In this paper we report our work using visual feature fusion for the tasks of medical image retrieval and annotation in the benchmark of ImageCLEF 2005. In the retrieval task, we use visual features without text information, having no relevance feedback. Both local and global features in terms of both structural and statistical nature are captured. We first identify visually similar images manually and form templates for each query topic. A pre-filtering process is utilized for a coarse retrieval. In the fine retrieval, two similarity measuring channels with different visual features are used in parallel and then combined in the decision level to produce a final score for image ranking.

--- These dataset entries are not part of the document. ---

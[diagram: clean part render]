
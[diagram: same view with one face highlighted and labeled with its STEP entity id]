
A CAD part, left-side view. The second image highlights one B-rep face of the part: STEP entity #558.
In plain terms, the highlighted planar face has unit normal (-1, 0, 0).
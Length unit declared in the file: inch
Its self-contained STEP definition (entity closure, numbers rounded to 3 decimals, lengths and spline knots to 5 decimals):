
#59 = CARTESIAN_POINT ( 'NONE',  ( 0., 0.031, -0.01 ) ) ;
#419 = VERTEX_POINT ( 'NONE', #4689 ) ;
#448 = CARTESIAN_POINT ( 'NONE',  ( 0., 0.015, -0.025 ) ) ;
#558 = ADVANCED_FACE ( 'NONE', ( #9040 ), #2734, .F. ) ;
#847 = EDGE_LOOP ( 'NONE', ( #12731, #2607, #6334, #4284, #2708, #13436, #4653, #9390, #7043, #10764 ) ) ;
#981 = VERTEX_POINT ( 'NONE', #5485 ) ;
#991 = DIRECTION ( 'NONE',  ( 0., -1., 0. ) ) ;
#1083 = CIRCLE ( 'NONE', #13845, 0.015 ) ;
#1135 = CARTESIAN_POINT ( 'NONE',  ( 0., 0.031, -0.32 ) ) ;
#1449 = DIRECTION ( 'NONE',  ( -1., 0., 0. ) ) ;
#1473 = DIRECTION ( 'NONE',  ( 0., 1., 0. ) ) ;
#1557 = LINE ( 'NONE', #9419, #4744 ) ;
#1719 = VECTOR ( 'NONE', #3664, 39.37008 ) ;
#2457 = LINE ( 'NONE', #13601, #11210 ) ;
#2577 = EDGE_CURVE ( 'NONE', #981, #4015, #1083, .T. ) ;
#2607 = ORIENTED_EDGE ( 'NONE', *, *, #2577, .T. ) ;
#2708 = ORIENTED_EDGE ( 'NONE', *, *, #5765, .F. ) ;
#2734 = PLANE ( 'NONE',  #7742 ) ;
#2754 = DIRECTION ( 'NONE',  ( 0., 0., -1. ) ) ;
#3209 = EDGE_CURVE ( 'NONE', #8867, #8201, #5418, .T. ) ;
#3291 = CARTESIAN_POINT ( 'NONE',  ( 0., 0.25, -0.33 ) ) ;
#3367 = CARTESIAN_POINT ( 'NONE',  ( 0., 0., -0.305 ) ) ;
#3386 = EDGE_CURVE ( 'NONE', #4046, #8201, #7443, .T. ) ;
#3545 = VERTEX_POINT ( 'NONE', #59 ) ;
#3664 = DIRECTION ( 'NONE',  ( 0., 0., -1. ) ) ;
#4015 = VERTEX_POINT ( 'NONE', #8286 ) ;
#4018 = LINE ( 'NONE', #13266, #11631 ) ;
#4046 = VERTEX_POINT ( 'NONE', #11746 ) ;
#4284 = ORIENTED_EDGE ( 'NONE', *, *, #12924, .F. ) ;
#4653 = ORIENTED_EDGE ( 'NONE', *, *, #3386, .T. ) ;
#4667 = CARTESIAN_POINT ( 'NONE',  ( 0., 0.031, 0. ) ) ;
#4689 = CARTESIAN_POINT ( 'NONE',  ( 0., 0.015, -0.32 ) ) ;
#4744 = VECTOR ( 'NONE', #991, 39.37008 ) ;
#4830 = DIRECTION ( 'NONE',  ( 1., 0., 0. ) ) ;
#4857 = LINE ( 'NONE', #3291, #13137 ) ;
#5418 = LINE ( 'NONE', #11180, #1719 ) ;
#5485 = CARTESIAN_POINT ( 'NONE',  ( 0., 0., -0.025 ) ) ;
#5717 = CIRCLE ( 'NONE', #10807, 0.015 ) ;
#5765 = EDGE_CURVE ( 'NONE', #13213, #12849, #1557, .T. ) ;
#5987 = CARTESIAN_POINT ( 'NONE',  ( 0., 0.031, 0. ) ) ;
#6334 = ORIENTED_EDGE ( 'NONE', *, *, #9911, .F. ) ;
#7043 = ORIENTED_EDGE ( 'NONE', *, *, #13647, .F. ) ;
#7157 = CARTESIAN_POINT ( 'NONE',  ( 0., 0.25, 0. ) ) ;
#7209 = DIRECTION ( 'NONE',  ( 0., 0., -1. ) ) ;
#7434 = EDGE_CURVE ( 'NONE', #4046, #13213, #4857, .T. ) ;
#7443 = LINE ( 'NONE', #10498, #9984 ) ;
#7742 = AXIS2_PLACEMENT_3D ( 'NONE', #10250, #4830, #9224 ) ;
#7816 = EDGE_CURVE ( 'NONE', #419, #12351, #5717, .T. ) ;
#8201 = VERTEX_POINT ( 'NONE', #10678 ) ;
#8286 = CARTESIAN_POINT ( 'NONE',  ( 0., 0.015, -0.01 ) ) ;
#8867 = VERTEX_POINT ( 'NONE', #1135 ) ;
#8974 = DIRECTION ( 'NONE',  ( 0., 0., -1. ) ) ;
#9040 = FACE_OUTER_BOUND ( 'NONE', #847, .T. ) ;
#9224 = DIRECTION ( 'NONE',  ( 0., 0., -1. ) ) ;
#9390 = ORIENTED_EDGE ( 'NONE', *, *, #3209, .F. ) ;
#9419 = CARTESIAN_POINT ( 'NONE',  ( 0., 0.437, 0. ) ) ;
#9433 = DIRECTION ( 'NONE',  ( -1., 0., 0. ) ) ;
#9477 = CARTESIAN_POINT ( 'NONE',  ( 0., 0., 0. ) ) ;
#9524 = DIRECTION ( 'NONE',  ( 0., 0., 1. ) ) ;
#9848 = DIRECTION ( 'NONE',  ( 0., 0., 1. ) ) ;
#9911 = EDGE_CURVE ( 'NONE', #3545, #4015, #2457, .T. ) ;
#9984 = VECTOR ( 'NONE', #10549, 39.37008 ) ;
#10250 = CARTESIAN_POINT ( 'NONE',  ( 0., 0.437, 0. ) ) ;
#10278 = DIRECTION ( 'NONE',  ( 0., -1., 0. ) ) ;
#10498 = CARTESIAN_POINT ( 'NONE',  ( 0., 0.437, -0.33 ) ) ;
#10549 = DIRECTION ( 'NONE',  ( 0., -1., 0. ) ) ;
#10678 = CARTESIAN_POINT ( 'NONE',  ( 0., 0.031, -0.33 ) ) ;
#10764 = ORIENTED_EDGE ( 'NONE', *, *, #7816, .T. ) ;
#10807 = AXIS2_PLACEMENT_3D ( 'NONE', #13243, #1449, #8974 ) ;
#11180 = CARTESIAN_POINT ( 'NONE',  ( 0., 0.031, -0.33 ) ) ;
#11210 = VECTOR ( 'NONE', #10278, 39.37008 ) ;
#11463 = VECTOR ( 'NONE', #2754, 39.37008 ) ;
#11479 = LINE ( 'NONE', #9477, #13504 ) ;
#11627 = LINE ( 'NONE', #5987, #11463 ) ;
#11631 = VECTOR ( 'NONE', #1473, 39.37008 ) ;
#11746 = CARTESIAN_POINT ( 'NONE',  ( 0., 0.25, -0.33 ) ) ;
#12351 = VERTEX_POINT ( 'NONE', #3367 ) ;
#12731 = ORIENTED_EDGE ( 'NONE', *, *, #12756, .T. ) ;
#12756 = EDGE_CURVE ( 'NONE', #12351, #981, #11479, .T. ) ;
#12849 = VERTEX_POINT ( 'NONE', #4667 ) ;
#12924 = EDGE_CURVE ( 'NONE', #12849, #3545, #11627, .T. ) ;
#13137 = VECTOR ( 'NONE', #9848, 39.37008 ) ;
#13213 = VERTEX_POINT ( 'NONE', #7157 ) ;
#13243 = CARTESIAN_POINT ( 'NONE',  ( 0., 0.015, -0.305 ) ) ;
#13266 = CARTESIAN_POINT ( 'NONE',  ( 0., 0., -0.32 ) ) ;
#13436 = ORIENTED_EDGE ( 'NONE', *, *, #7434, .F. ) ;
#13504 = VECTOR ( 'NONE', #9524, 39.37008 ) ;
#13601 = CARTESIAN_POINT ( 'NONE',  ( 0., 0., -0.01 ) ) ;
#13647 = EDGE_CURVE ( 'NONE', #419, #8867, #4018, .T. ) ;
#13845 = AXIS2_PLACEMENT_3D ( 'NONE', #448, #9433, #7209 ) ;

Our approach is evaluated over all 25 query topics with each containing example image(s) and topic textual statements. Over 50,000 images we achieved a mean average precision of 14.6%, as one of the best performed runs. In the annotation task, visual features are fused in an early stage by concatenation with normalization. We use support vector machines (SVM) with RBF kernels for the classification. Our approach is trained over a 9,000 image training set and tested over the given test set with 1000 images and on 57 classes with a correct classification rate of about 80%.

Keywords

Support Vector Machine Visual Feature Image Retrieval Principle Component Analysis Training Image 
These keywords were added by machine and not by the authors. This process is experimental and the keywords may be updated as the learning algorithm improves.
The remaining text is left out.